What exactly is “big data”? Two interesting posts on the definition. First Andrew Brust on ZDNet offers a common definition:
Big Data is about the technologies and practice of handling data sets so large that conventional database management systems cannot handle them efficiently, and sometimes cannot handle them at all.
?He goes on to note that the term “Big Data” is entrenched, even if the definition is not settled. He also mentions the terms business intelligence, decision support, and data mining.
Now the second article… Robert Hilliard of Deloitte in an article It’s Time for a new definition of Big Data, notes that
[Wikipedia defines Big Data in this way] “In information technology, big data consists of datasets that grow so large that they become awkward to work with using on-hand database management tools”. This approach to describing the term constrains the discussion of big data to scale and fails to realise the key difference between regular data and big data.
Hilliard goes on to make two points:
- Someetimes big data is small: If you had 100K sensors on an airplane and each took a reading every second for a 1 hour flight, you have big data but it is only 3GB of data. So common database and storage technology would work for this.

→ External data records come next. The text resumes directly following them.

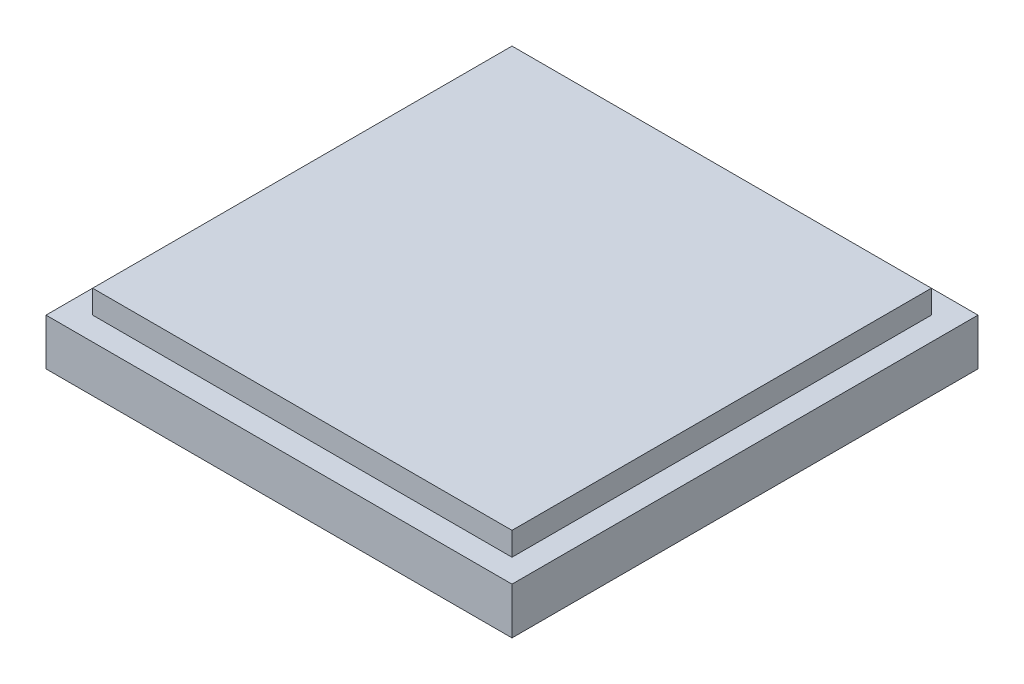
from build123d import *

# Parameters (mm, degrees)
CROQUIS1_W              = 50
CROQUIS1_H              = 50
SALIENTE_EXTRUIR1_DEPTH = 5
CROQUIS2_W              = 45
CROQUIS2_H              = 45
SALIENTE_EXTRUIR2_DEPTH = 2.5


with BuildPart() as part:
    # Croquis1 → Saliente-Extruir1 (new body)
    with BuildSketch(Plane(origin=(0, 0, 0), x_dir=(1, 0, 0), z_dir=(0, 1, 0))):
        Rectangle(CROQUIS1_W, CROQUIS1_H)
    extrude(amount=SALIENTE_EXTRUIR1_DEPTH)

    # Croquis2 → Saliente-Extruir2 (add)
    with BuildSketch(Plane(origin=(0, 5, 0), x_dir=(1, 0, 0), z_dir=(0, 1, 0))):
        Rectangle(CROQUIS2_W, CROQUIS2_H)
    extrude(amount=SALIENTE_EXTRUIR2_DEPTH)


solid = part.part
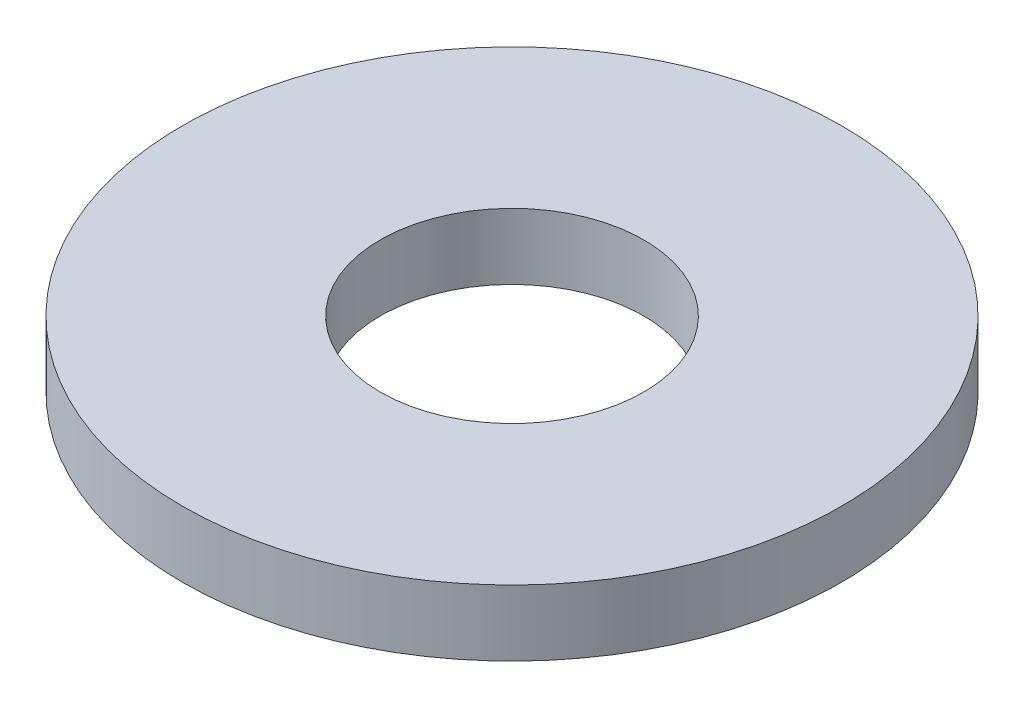
from build123d import *

# Parameters (mm, degrees)
SKETCH1_R           = 7.9375
SKETCH1_R_2         = 3.175
BOSS_EXTRUDE1_DEPTH = 1.5875


with BuildPart() as part:
    # Sketch1 → Boss-Extrude1 (new body)
    with BuildSketch(Plane(origin=(0, 0, 0), x_dir=(1, 0, 0), z_dir=(0, 1, 0))):
        Circle(SKETCH1_R)
        Circle(SKETCH1_R_2, mode=Mode.SUBTRACT)
    extrude(amount=BOSS_EXTRUDE1_DEPTH)


solid = part.part

- Large datasets are actually small: If you look at someting like telephone calls or internet connections, there is a lot of data, but it is quite structured and simple to parse using RDBMS (database technology).
?He then makes the critical point: Big data is more about the complexity of the data sets, especially as large numbers of discrete data points interact.
For me, I think big data has to do with data sets so large and intricate that it’s difficult to get meaning out of the data in a reasonable time frame to act on it. In short, as the quantity of data goes up, the ability to analyze and understand it at a deep level often decreases. What do you think?